Tangan besar yang biasa melindungi kini menggenggam erat tangan mungil itu untuk terakhir kalinya sebelum masuk kelas. Tatapan mata Ayah menyiratkan ribuan doa: “Pergilah, nak. Belajarlah yang rajin. Ayah selalu ada di belakangmu.” Bagi Ayah, melepas anak masuk sekolah adalah tanda bahwa buah hatinya telah tumbuh, dan tugas mendampingi kini mulai berbagi dengan guru dan lingkungan baru.
“Rasanya baru kemarin aku gendong dia pulang dari bidan, hari ini aku yang menuntunnya menuju gerbang masa depan. Senang hatiku tak terlukiskan, tapi jujur, ada sesak yang kurasa di dada. Aku tak ingin dia takut, jadi aku harus terlihat kuat,” ungkap seorang Ayah dengan suara bergetar, berusaha menyembunyikan kaca di matanya.
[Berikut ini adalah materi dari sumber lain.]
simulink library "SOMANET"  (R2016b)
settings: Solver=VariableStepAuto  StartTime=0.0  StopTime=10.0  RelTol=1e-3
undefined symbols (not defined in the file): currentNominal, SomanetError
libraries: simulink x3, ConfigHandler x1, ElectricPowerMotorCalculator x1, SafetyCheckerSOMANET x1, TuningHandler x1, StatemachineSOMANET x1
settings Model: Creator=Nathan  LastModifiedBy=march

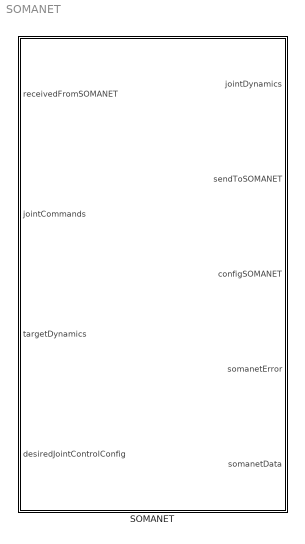
== system SOMANET ==
  SOMANET : Subsystem

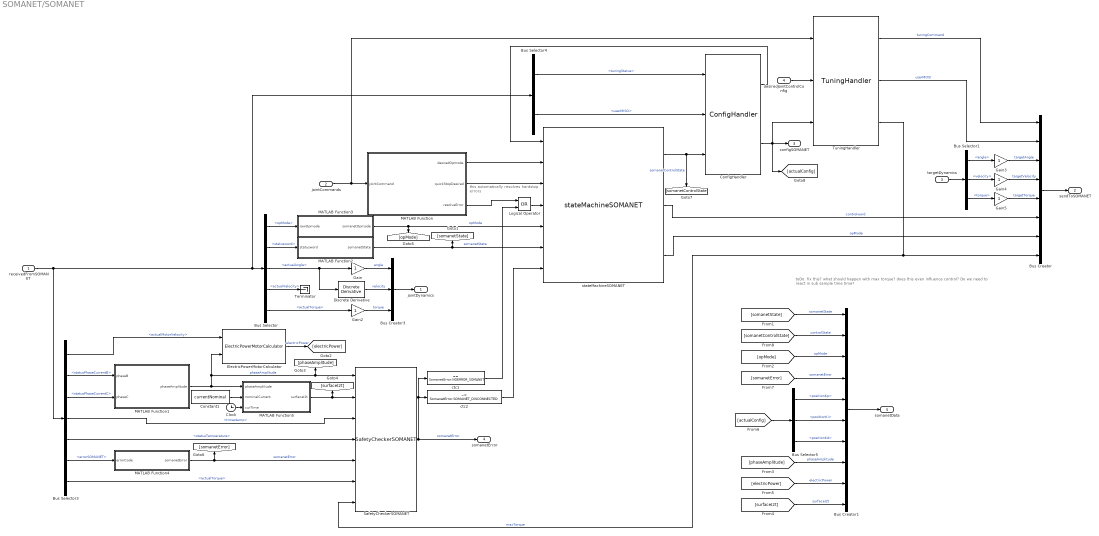
== system SOMANET/SOMANET ==
  note: this automatically resolves hardstop errors
  note: toDo: fix this? what should happen with max torque? does this even influence control? Do we need to react in sub sample time time?
  receivedFromSOMANET : Inport  OutDataTypeStr=Bus: EtherCATReceivedFromSOMANET  BusOutputAsStruct=on
  jointCommands : Inport  Port=2
  targetDynamics : Inport  Port=3  OutDataTypeStr=Bus: JointDynamics  BusOutputAsStruct=on
  desiredJointControlConfig : Inport  Port=4  OutDataTypeStr=Bus: JointControlConfig
  Bus Creator : BusCreator  Inputs=8  OutDataTypeStr=Bus: EtherCATSendToSOMANET  NonVirtualBus=on
  Bus Creator1 : BusCreator  Inputs=10  OutDataTypeStr=Bus: SOMANETData  NonVirtualBus=on
  Bus Creator3 : BusCreator  Inputs=3  OutDataTypeStr=Bus: JointDynamics  NonVirtualBus=on
  Bus Selector : BusSelector  OutputSignals=opMode,statusword,actualAngle,actualVelocity,actualTorque
  Bus Selector1 : BusSelector  OutputSignals=angle,velocity,torque
  Bus Selector3 : BusSelector  OutputSignals=actualMotorVelocity,statusPhaseCurrentB,statusPhaseCurrentC,timestamp,statusTemperature,errorSOMANET,actualTorque
  Bus Selector4 : BusSelector  OutputSignals=tuningStatus,userMISO
  Bus Selector5 : BusSelector  OutputSignals=positionKp,positionKi,positionKd
  Clock : Clock
  ConfigHandler : ConfigHandler/ConfigHandler
  Constant1 : Constant  Value=currentNominal
  Discrete Derivative : simulink/Discrete/Discrete Derivative  gainval=1.0  ICPrevScaledInput=0.0  OutMin=[]  OutMax=[]  OutDataType=fixdt(1, 16)  OutScaling=2^-10  DoSatur=off
  ElectricPowerMotorCalculator : ElectricPowerMotorCalculator/ElectricPowerMotorCalculator
  Gain{,2..5} (5 alike) : Gain
  Logical Operator : Logic  Operator=OR  AllPortsSameDT=off  OutDataTypeStr=boolean
  MATLAB Function : MATLAB Function  TreatAsAtomicUnit=on
  MATLAB Function1 : MATLAB Function  TreatAsAtomicUnit=on
  MATLAB Function2 : MATLAB Function  TreatAsAtomicUnit=on
  MATLAB Function3 : MATLAB Function  TreatAsAtomicUnit=on
  MATLAB Function4 : MATLAB Function  TreatAsAtomicUnit=on
  MATLAB Function5 : MATLAB Function  TreatAsAtomicUnit=on
  SafetyCheckerSOMANET : SafetyCheckerSOMANET/SafetyCheckerSOMANET
  Terminator : Terminator
  TuningHandler : TuningHandler/TuningHandler
  ctc1 : simulink/Logic and Bit Operations/Compare To Constant  relop===  const=SomanetError.NOERROR_SOMANET  OutDataTypeStr=boolean
  ctc2 : simulink/Logic and Bit Operations/Compare To Constant  relop=~=  const=SomanetError.SOMANET_DISCONNECTED  OutDataTypeStr=boolean
  stateMachineSOMANET : StatemachineSOMANET/stateMachineSOMANET
  jointDynamics : Outport  OutDataTypeStr=Bus: JointDynamics
  sendToSOMANET : Outport  Port=2  OutDataTypeStr=Bus: EtherCATSendToSOMANET  BusOutputAsStruct=on
  configSOMANET : Outport  Port=3  OutDataTypeStr=Bus: JointControlConfig  BusOutputAsStruct=on
  somanetError : Outport  Port=4  OutDataTypeStr=Enum: SomanetError
  somanetData : Outport  Port=5  OutDataTypeStr=Bus: SOMANETData
  wires:
  Bus Selector5/3 -> Bus Creator1/7  "<positionKd>"
  Bus Selector5/2 -> Bus Creator1/6  "<positionKi>"
  Bus Selector5/1 -> Bus Creator1/5  "<positionKp>"
  [actualConfig] -> Bus Selector5/1
  Gain5/1 -> Bus Creator/5  "targetTorque"
  Gain3/1 -> Bus Creator/3  "targetAngle"
  Gain4/1 -> Bus Creator/4  "targetVelocity"
  Bus Selector1/3 -> Gain5/1  "<torque>"
  Bus Selector1/1 -> Gain3/1  "<angle>"
  Bus Selector1/2 -> Gain4/1  "<velocity>"
  Gain2/1 -> Bus Creator3/3  "torque"
  Discrete Derivative/1 -> Bus Creator3/2  "velocity"
  Gain/1 -> Bus Creator3/1  "angle"
  Bus Selector/2 -> MATLAB Function2/1(statusword)  "<statusword>"
  Bus Selector/1 -> MATLAB Function3/1(rawOpmode)  "<opMode>"
  ConfigHandler/1 -> stateMachineSOMANET/1
  SafetyCheckerSOMANET/1 -> ctc1/1, ctc2/1, somanetError/1  "somanetError"
  jointCommands/1 -> MATLAB Function/1(jointCommand), TuningHandler/1
  Bus Creator/1 -> sendToSOMANET/1
  receivedFromSOMANET/1 -> Bus Selector4/1, Bus Selector/1, Bus Selector3/1
  TuningHandler/3 -> SafetyCheckerSOMANET/7, Bus Creator/8  "maxTorque"
  MATLAB Function3/1(somanetOpmode) -> [opMode], stateMachineSOMANET/5  "opMode"
  MATLAB Function2/1(somanetState) -> [somanetState], stateMachineSOMANET/6  "somanetState"
  MATLAB Function/1(desiredOpmode) -> stateMachineSOMANET/2
  ctc2/1 -> stateMachineSOMANET/7
  MATLAB Function/2(quickStopDesired) -> stateMachineSOMANET/3
  Bus Creator3/1 -> jointDynamics/1
  Bus Selector/4 -> Terminator/1  "<actualVelocity>"
  Bus Selector/3 -> Gain/1, Discrete Derivative/1  "<actualAngle>"
  targetDynamics/1 -> Bus Selector1/1
  Bus Selector4/1 -> ConfigHandler/1  "<tuningStatus>"
  Bus Selector4/2 -> ConfigHandler/2  "<userMISO>"
  stateMachineSOMANET/1 -> [somanetControlState], ConfigHandler/3  "somanetControlState"
  ConfigHandler/2 -> [actualConfig], configSOMANET/1, TuningHandler/3
  desiredJointControlConfig/1 -> TuningHandler/2
  TuningHandler/1 -> Bus Creator/1  "tuningCommand"
  TuningHandler/2 -> Bus Creator/2  "userMOSI"
  stateMachineSOMANET/2 -> Bus Creator/6  "controlword"
  stateMachineSOMANET/3 -> Bus Creator/7  "opMode"
  Bus Selector/5 -> Gain2/1  "<actualTorque>"
  Bus Selector3/1 -> ElectricPowerMotorCalculator/1  "<actualMotorVelocity>"
  Bus Selector3/2 -> MATLAB Function1/1(phaseB)  "<statusPhaseCurrentB>"
  Bus Selector3/3 -> MATLAB Function1/2(phaseC)  "<statusPhaseCurrentC>"
  Bus Selector3/6 -> MATLAB Function4/1(errorCode)  "<errorSOMANET>"
  MATLAB Function4/1(somanetError) -> SafetyCheckerSOMANET/5, [somanetError]  "somanetError"
  MATLAB Function1/1(phaseAmplitude) -> ElectricPowerMotorCalculator/2, [phaseAmplitude], SafetyCheckerSOMANET/1, MATLAB Function5/1(phaseAmplitude)  "phaseAmplitude"
  Clock/1 -> MATLAB Function5/3(curTime)
  MATLAB Function5/1(surfaceI2t) -> SafetyCheckerSOMANET/2, [surfaceI2t]
  Bus Selector3/4 -> SafetyCheckerSOMANET/3  "<timestamp>"
  Bus Selector3/5 -> SafetyCheckerSOMANET/4  "<statusTemperature>"
  Constant1/1 -> MATLAB Function5/2(nominalCurrent)
  ElectricPowerMotorCalculator/1 -> [electricPower]  "electricPower"
  [somanetState] -> Bus Creator1/1  "somanetState"
  [opMode] -> Bus Creator1/3  "opMode"
  [somanetError] -> Bus Creator1/4  "somanetError"
  [somanetControlState] -> Bus Creator1/2  "controlState"
  [phaseAmplitude] -> Bus Creator1/8  "phaseAmplitude"
  [electricPower] -> Bus Creator1/9  "electricPower"
  [surfaceI2t] -> Bus Creator1/10  "surfaceI2t"
  Bus Creator1/1 -> somanetData/1
  Bus Selector3/7 -> SafetyCheckerSOMANET/6  "<actualTorque>"
  Logical Operator/1 -> stateMachineSOMANET/4
  MATLAB Function/3(resolveError) -> Logical Operator/1
  ctc1/1 -> Logical Operator/2

== matlab function SOMANET/MATLAB Function5 ==
  data: phaseAmplitude input; surfaceI2t output; nominalCurrent input; curTime input
function surfaceI2t = getI2tSurface( phaseAmplitude, nominalCurrent, curTime )
% wrapper for getI2tSurface
surfaceI2t = getI2tSurface(phaseAmplitude, nominalCurrent, curTime);
end

== matlab function SOMANET/MATLAB Function ==
  data: jointCommand input; desiredOpmode output; quickStopDesired output; resolveError output
function [desiredOpmode, quickStopDesired, resolveError] = getSomanetCommands(jointCommand)
% jointCommand should be some enum
% with possible values something like:
%   * torqueControl
%   * positionControl
%   * velocityControl
%   * deactivateMotors
%   * resetError (?)
%   * don't move
% from these commands, the desired control words/opmodes/quick stops/
% whatever can be derived.
% point of this is that the master can be agnostic about the precise
% control mechanism of the somanet
persistent prevOpmode;
if(isempty(prevOpmode))
    prevOpmode = SomanetOpmode.CSTORQUE;
end

switch jointCommand
    case JointCommand.POSITIONCONTROL
        desiredOpmode = SomanetOpmode.CSPOSITION;
        quickStopDesired = 0;
        resolveError = 0;
    case JointCommand.VELOCITYCONTROL
        desiredOpmode = SomanetOpmode.CSVELOCITY;
        quickStopDesired = 0;
        resolveError = 0;
    case JointCommand.TORQUECONTROL
        desiredOpmode = SomanetOpmode.CSTORQUE;
        quickStopDesired = 0;
        resolveError = 0;
    case JointCommand.RESOLVEERROR
        desiredOpmode = prevOpmode;
        quickStopDesired = 0;
        resolveError = 1;
    case JointCommand.SYNCCONFIGS
        desiredOpmode = SomanetOpmode.TUNING;
        quickStopDesired = 0;
        resolveError = 0;
    case JointCommand.TUNECOMMUTATIONOFFSET
        desiredOpmode = SomanetOpmode.TUNING;
        quickStopDesired = 0;
        resolveError = 0;
    otherwise
        desiredOpmode = SomanetOpmode.CSTORQUE;
        quickStopDesired = 1;
        resolveError = 0;
end

% update persistent variables
prevOpmode = desiredOpmode;
end

== matlab function SOMANET/MATLAB Function1 ==
  data: phaseB input; phaseAmplitude output; phaseC input
function phaseAmplitude = getPhaseAmplitude( phaseB, phaseC )
% wrapper function for getPhaseAmplitude
[ phaseAmplitude ] = getPhaseAmplitude( phaseB, phaseC );
end

== matlab function SOMANET/MATLAB Function2 ==
  data: statusword input; somanetState output
function somanetState = getSomanetState( statusword )
% wrapper function for getSomanetState
somanetState = getSomanetState( statusword );
end

== matlab function SOMANET/MATLAB Function3 ==
  data: rawOpmode input; somanetOpmode output
function somanetOpmode   = getSomanetOpmode( rawOpmode )
% wrapper function for getSomanetOpmode
somanetOpmode = getSomanetOpmode(rawOpmode);
end

== matlab function SOMANET/MATLAB Function4 ==
  data: errorCode input; somanetError output
function somanetError  = getErrorFromErrorCode(errorCode)
% wrapper for getErrorFromErroCode
somanetError = getErrorFromErrorCode(errorCode);
end

Ayah adalah benteng yang tak boleh goyah. Namun hari ini, benteng itu pun meleleh karena rasa syukur dan cinta yang mendalam. Setiap langkah kecil anak yang menjauh menuju ruang kelas, adalah bukti bahwa kasih sayang seorang Ayah tak kenal lelah, rela melepas kebersamaan demi melihat sang buah hati terbang tinggi menggapai cita-cita.
Selamat berjuang menuntut ilmu, anakku. Dan terima kasih, Ayah, yang hari ini berdiri paling gagah demi melepas langkah awal masa depan kami.